今、担当している Java Swing 案件のフレームワークは、ある意味すごい。○○Frame や、○○Button (○○は会社名略称)のように、Swing の全てのコンポーネントを、ラップしている。また、Swing にとどまらず、○○List や ○○Map 等の、コレクションフレームワークラッパーまである。ありとあらゆる標準 API をラップしているのだ。

ただ、自分は、以下の理由で、このフレームワークはダメだと感じる。

  1. 学習のコスト
  2. 費用対効果

ラッパーの作成は、継承または委譲で実装されているが、委譲に関しては面倒だったのか、全てのメソッド、フィールドが委譲されてないケースがあった。これでは、Java 標準 API に精通した熟練者であろうと、このフレームワークを使用する場合には、新たな学習をする必要がある。さらに、学習をしても、企業や部署が変わると、使用できないので、モチベーションが上がりにくい。
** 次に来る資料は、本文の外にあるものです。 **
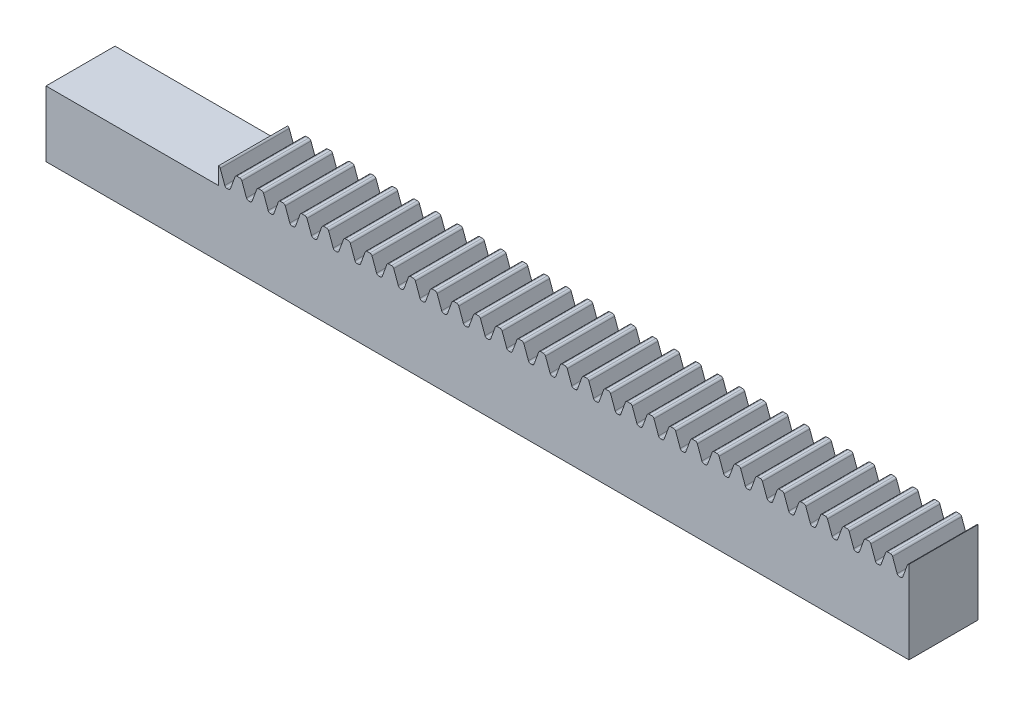
SolidWorks part; units mm, degrees
material "AISI 1045 Steel, cold drawn"
ref_plane "Front Plane" through (0, 0, 0) normal (0, 0, 1) x (1, 0, 0)
ref_plane "Top Plane" through (0, 0, 0) normal (0, 1, 0) x (1, 0, 0)
ref_plane "Right Plane" through (0, 0, 0) normal (1, 0, 0) x (0, 0, -1)
sketch "Sketch1" plane through (0, 0, 0) normal (0, 0, 1) x (1, 0, 0)
  line L0 (-50, 6) -> (-50, -6) construction
  line L1 (-50, -6) -> (50, -6) construction
  line L2 (50, -6) -> (50, 6) construction
  line L4 (0, 6) -> (0, -6) construction
  line L5 (-50, 5) -> (50, 5) construction
  line L6 (-47.5453, 6) -> (-46.7025, 6) construction
  line L7 (-46.7025, 6) -> (-45.8835, 3.75) construction
  line L8 (-47.5453, 6) -> (-48.3643, 3.75) construction
  line L9 (-48.3643, 3.75) -> (-45.8835, 3.75) construction
  line L10 (-47.1239, 6) -> (-47.1239, 3.75) construction
  line L11 (-50, 0) -> (-40.8407, 0) construction
  line L12 (50, 0) -> (40.8407, 0) construction
  point P15 (-43.9823, 6)
  point P16 (-15.5, -6)
  point P17 (-46.3385, 5)
  point P18 (-47.9093, 5)
  point P21 (-0.5, -6)
  dimension "Length" = 100
  dimension "Height" = 12
  dimension "Approximate Number of Teeth" = 31
  dimension "Pressure Angle" = 20
  dimension "Circular Pitch" = 3.1416
  dimension "Addendum" = 1
  dimension "Dedendum" = 1.25
  dimension "Circular Tooth Thickness" = 1.5708
  dimension "Module" = 1
  dimension "Rack Length" = 94.2478
  dimension "D1" = 6.2832
sketch "Sketch2" plane through (0, 0, 0) normal (1, 0, 0) x (0, 0, -1)
  line L0 (-5, 0) -> (5, 0) construction
  dimension "Face Width" = 10
sketch "Sketch3" plane through (0, 0, 0) normal (0, 0, 1) x (1, 0, 0)
  line L1 (-50, 6) -> (50, 6)
  line L2 (-50, 6) -> (-50, -6)
  line L3 (-50, -6) -> (50, -6)
  line L4 (50, 6) -> (50, -6)
extrude "Boss-Extrude1" add sketch "Sketch3" against normal up to vertex (5 mm away) and the other way up to vertex (5 mm away) up to point (0, 0, -5) other way up to point (0, 0, 5)
sketch "Sketch4" plane through (0, 0, 0) normal (0, 0, 1) x (1, 0, 0)
  line L0 (-47.1239, 6) -> (-43.9823, 6) construction
  line L9 (-45.5531, 6) -> (-45.5531, 3.75)
  line L10 (-45.5531, 3.75) -> (-45.8835, 3.75)
  line L11 (-45.8835, 3.75) -> (-46.7025, 6)
  line L12 (-46.7025, 6) -> (-45.5531, 6)
  line L13 (-47.5453, 6) -> (-48.3643, 3.75)
  line L14 (-48.3643, 3.75) -> (-48.6947, 3.75)
  line L15 (-48.6947, 3.75) -> (-48.6947, 6)
  line L16 (-48.6947, 6) -> (-47.5453, 6)
  line L17 (50, 6) -> (-50, 6) construction
  line L18 (-47.5453, 6) -> (-47.3104, 6)
  line L19 (-46.9374, 6) -> (-46.7025, 6)
  arc A0 (-48.5992, 3.75) -> (-48.2839, 3.9708) centre (-48.5992, 4.0855) ccw
  arc A1 (-45.9639, 3.9708) -> (-45.6486, 3.75) centre (-45.6486, 4.0855) ccw
  arc A2 (-47.6257, 5.7792) -> (-47.3104, 6) centre (-47.3104, 5.6645) cw
  arc A3 (-46.9374, 6) -> (-46.6221, 5.7792) centre (-46.9374, 5.6645) cw
  dimension "D1" = 0.3355
extrude "Cut-Extrude1" cut sketch "Sketch4" against normal through all both and the other way through all contours L14 A0 L13 L16 L15 | L13 A2 L18 | L19 A3 L11 | L11 A1 L10 L9 L12
pattern_linear "LPattern1" count 32 spacing 3.1416 along (1, 0, 0) count 2 spacing 3.1416 along (-1, 0, 0) of "Cut-Extrude1"
sketch "Drawing Refernce 1" plane through (0, 0, 5) normal (0, 0, 1) x (1, 0, 0)
  line L0 (-50, 0) -> (50, 0) construction
  point P6 (-35, 0)
  point P7 (-27.5, 0)
  point P8 (35, 0)
  dimension "D1" = 15
  dimension "D2" = 22.5
  dimension "D3" = 15
sketch "Sketch6" plane through (-50, 0, 0) normal (-1, 0, 0) x (0, 0, 1)
  line L0 (5, 5.9906) -> (5, -6) construction
  line L1 (-5, -6) -> (5, -6)
  line L2 (-5, -6) -> (-5, 3.5)
  line L3 (-5, 3.5) -> (5, 3.5)
  line L4 (5, -6) -> (5, 3.5)
  dimension "D1" = 9.5
extrude "Boss-Extrude3" add sketch "Sketch6" along normal blind 25
equation "\"Diametral Pitch\"= 1"
equation "\"Pressure Angle\"=20"
equation "\"Dedendum\"= 1.25 / \"Diametral Pitch\""
equation "\"Addendum\"= 1 / \"Diametral Pitch\""
equation "\"WorkingDepth\"= 2 / \"Diametral Pitch\""
equation "\"WholeDepth\"= 2.25 / \"Diametral Pitch\""
equation "\"Clearance\"= 0.25 / \"Diametral Pitch\""
equation "\"ToothThickness\"= ( pi / 2 ) / \"Diametral Pitch\""
equation "\"CircularPitch\"= pi / \"Diametral Pitch\""
equation "\"Fillet\"= \"Clearance\" * cos ( \"Pressure Angle\" ) * tan ( ( 90 + \"Pressure Angle\" ) / 2 )"
equation "\"Module\"= 1"
equation "\"Addendum@Sketch1\"=\"Addendum\""
equation "\"Pressure Angle@Sketch1\"=\"Pressure Angle\""
equation "\"Dedendum@Sketch1\"=\"Dedendum\""
equation "\"Circular Pitch@Sketch1\"=\"CircularPitch\""
equation "\"Circular Tooth Thickness@Sketch1\"=\"ToothThickness\""
equation "\"Module@Sketch1\"=\"Module\""
equation "\"Approximate Number of Teeth@Sketch1\" = int ( \"Length@Sketch1\" /  ( 2 * \"Circular Tooth Thickness@Sketch1\" )  ) "
equation "\"Rack Length@Sketch1\" = \"Circular Pitch@Sketch1\" *  ( \"Approximate Number of Teeth@Sketch1\" - 1 ) "
equation "\"D3@LPattern1\"=\"CircularPitch\""
equation "\"D1@LPattern1\"=\"Approximate Number of Teeth@Sketch1\"+1"
equation "\"D1@Sketch1\"=\"Circular Pitch@Sketch1\"*2"
equation "\"D1@Sketch4\"=\"Fillet\""
equation "\"D4@LPattern1\"=\"CircularPitch\""
equation "\"D2@Drawing Refernce 1\"=\"D1@Drawing Refernce 1\"*1.5"
equation "\"D3@Drawing Refernce 1\"=\"D1@Drawing Refernce 1\""
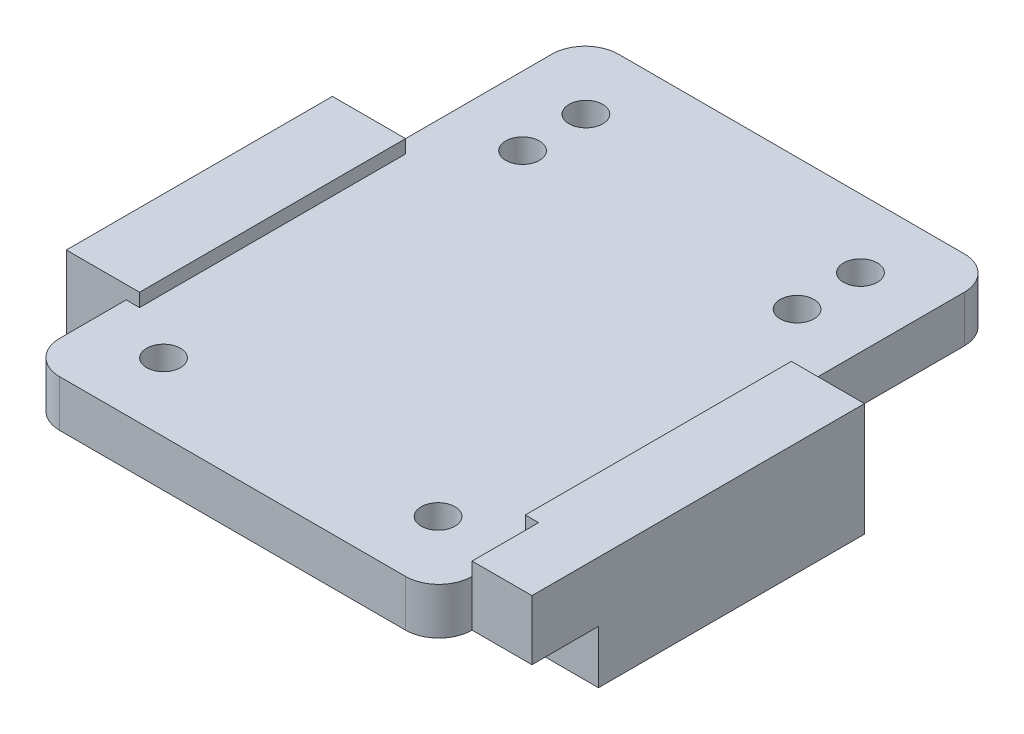
SolidWorks part; units mm, degrees
material "ABS"
ref_plane "정면" through (0, 0, 0) normal (0, 0, 1) x (1, 0, 0)
ref_plane "윗면" through (0, 0, 0) normal (0, 1, 0) x (1, 0, 0)
ref_plane "우측면" through (0, 0, 0) normal (1, 0, 0) x (0, 0, -1)
sketch "스케치2" plane through (0, 0, 0) normal (0, 1, 0) x (1, 0, 0)
  line L1 (31, 42) -> (-31, 42)
  line L2 (31, 42) -> (31, -42)
  line L3 (31, -42) -> (-31, -42)
  line L4 (-31, 42) -> (-31, -42)
  line L5 (31, 42) -> (-31, -42) construction
  line L6 (31, -42) -> (-31, 42) construction
  line L7 (28, -39.5) -> (-28, -39.5) construction
  line L8 (28, -39.5) -> (28, 39.5) construction
  line L9 (28, 39.5) -> (-28, 39.5) construction
  line L10 (-28, -39.5) -> (-28, 39.5) construction
  line L11 (28, -39.5) -> (-28, 39.5) construction
  line L12 (28, 39.5) -> (-28, -39.5) construction
  point P0 (0, 0)
  point P6 (0, 0)
  dimension "D1" = 62
  dimension "D2" = 84
  dimension "D3" = 79
  dimension "D4" = 56
extrude "보스-돌출1" add sketch "스케치2" along normal blind 7
sketch "스케치4" plane through (0, 0, 0) normal (0, -1, 0) x (1, 0, 0)
  line L0 (0, 42) -> (0, -42) construction
  line L7 (-31, 42) -> (31, 42) construction
  line L8 (31, -42) -> (-31, -42) construction
  line L9 (20.6375, 31.75) -> (-20.6375, -31.75) construction
  circle A0 centre (20.6375, 31.75) radius 2.54
  circle A1 centre (20.6375, -22.225) radius 2.54
  circle A2 centre (20.6375, -31.75) radius 2.54
  circle A3 centre (-20.6375, -31.75) radius 2.54
  circle A4 centre (-20.6375, -22.225) radius 2.54
  circle A5 centre (-20.6375, 31.75) radius 2.54
  point P0 (0, 0)
  dimension "D1" = 5.08
  dimension "D2" = 41.275
  dimension "D3" = 53.975
  dimension "D4" = 63.5
extrude "컷-돌출1" cut sketch "스케치4" against normal through all and the other way through all
fillet "필렛1" radius 5 2 edges at (31, 3.5, -42) (-31, 3.5, -42)
fillet "필렛4" radius 5 2 edges at (31, 3.5, 42) (-31, 3.5, 42)
surface "Surface-Offset1" [suppressed] parameters "D1"=0
other "SurfaceCut1" [suppressed]
sketch "스케치5" plane through (0, 0, 0) normal (0, -1, 0) x (1, 0, 0)
  line L0 (-40, 27) -> (-40, -13)
  line L1 (29, 27) -> (40, 27)
  line L2 (29, 27) -> (29, -13)
  line L3 (29, -13) -> (40, -13)
  line L4 (40, 27) -> (40, -13)
  line L5 (-26, 42) -> (26, 42) construction
  line L6 (0, 42) -> (0, -42) construction
  line L7 (31, 42) -> (-31, 42) construction
  line L8 (31, -42) -> (-31, -42) construction
  line L9 (-29, -13) -> (-40, -13)
  line L10 (-29, 27) -> (-29, -13)
  line L11 (-29, 27) -> (-40, 27)
  dimension "D1" = 11
  dimension "D2" = 40
  dimension "D3" = 15
  dimension "D4" = 29
extrude "보스-돌출2" add sketch "스케치5" along normal blind 8 and the other way offset from surface (9 mm away) 2 other way up to face at (20.6375, 7, -24.765)
sketch "스케치11" plane through (31, 0, 0) normal (1, 0, 0) x (0, 0, -1)
  line L3 (-27, 0) -> (-27, 7)
  line L4 (-37, 0) -> (-27, 0)
  line L5 (-27, 0) -> (-27, 9)
  line L7 (-37, 7) -> (-37, 0)
  line L8 (-37, 0) -> (-27, 0)
  line L9 (-27, 7) -> (-37, 7)
  line L10 (-27, 9) -> (-37, 9)
  line L11 (-37, 9) -> (-37, 0)
  dimension "D1" = 0
extrude "보스-돌출3" add sketch "스케치11" along normal blind 9

また、このフレームワークは、かなり多くのクラスをラップしているので、フレームワーク自体の開発コストは、そうとうなものだったと思われる。しかし、それだけの苦労に相当する効果が出ているかというと、とても、そうは感じられない。膨大なクラスのフレームワークは、学習するだけで膨大なコストがかかり、初めて使用した際は、工数が膨れ上がる。では、2回目以降の開発では、楽が出来るのかというと、JDKのバージョンも、そろそろ上げないといけないし、これからの案件では、このフレームワークは使われないという。

Effective Java 等の書籍を読めば分かるように、標準 APIというのは、非常に洗練されている。Jakarta Commons のように、大規模な開発を行い、さらにオープンにして、あらゆる企業で使用可能とするならともかく、一介の技術者が、その全てを改良してやろうと考えるのは、傲慢ではないだろうか。

一般開発者にとって優しいフレームワークとは、独自の作りこみを減らし、標準 API を積極的に利用して作成されたものなのだろう。フレームワーク開発者は、フレームワークを作って、一般開発者をそれに従わせるより、標準 API を利用してもらうための、Java レクチャードキュメントを用意するべきだ。

フレームワークという言葉には、ある種、華があるが、フレームワーク開発者という立場から一歩視点を広げ、ソフトウェア基盤技術者として、一般開発者の作業を楽にする方法を真摯に考えていくことが重要なのではないだろうか。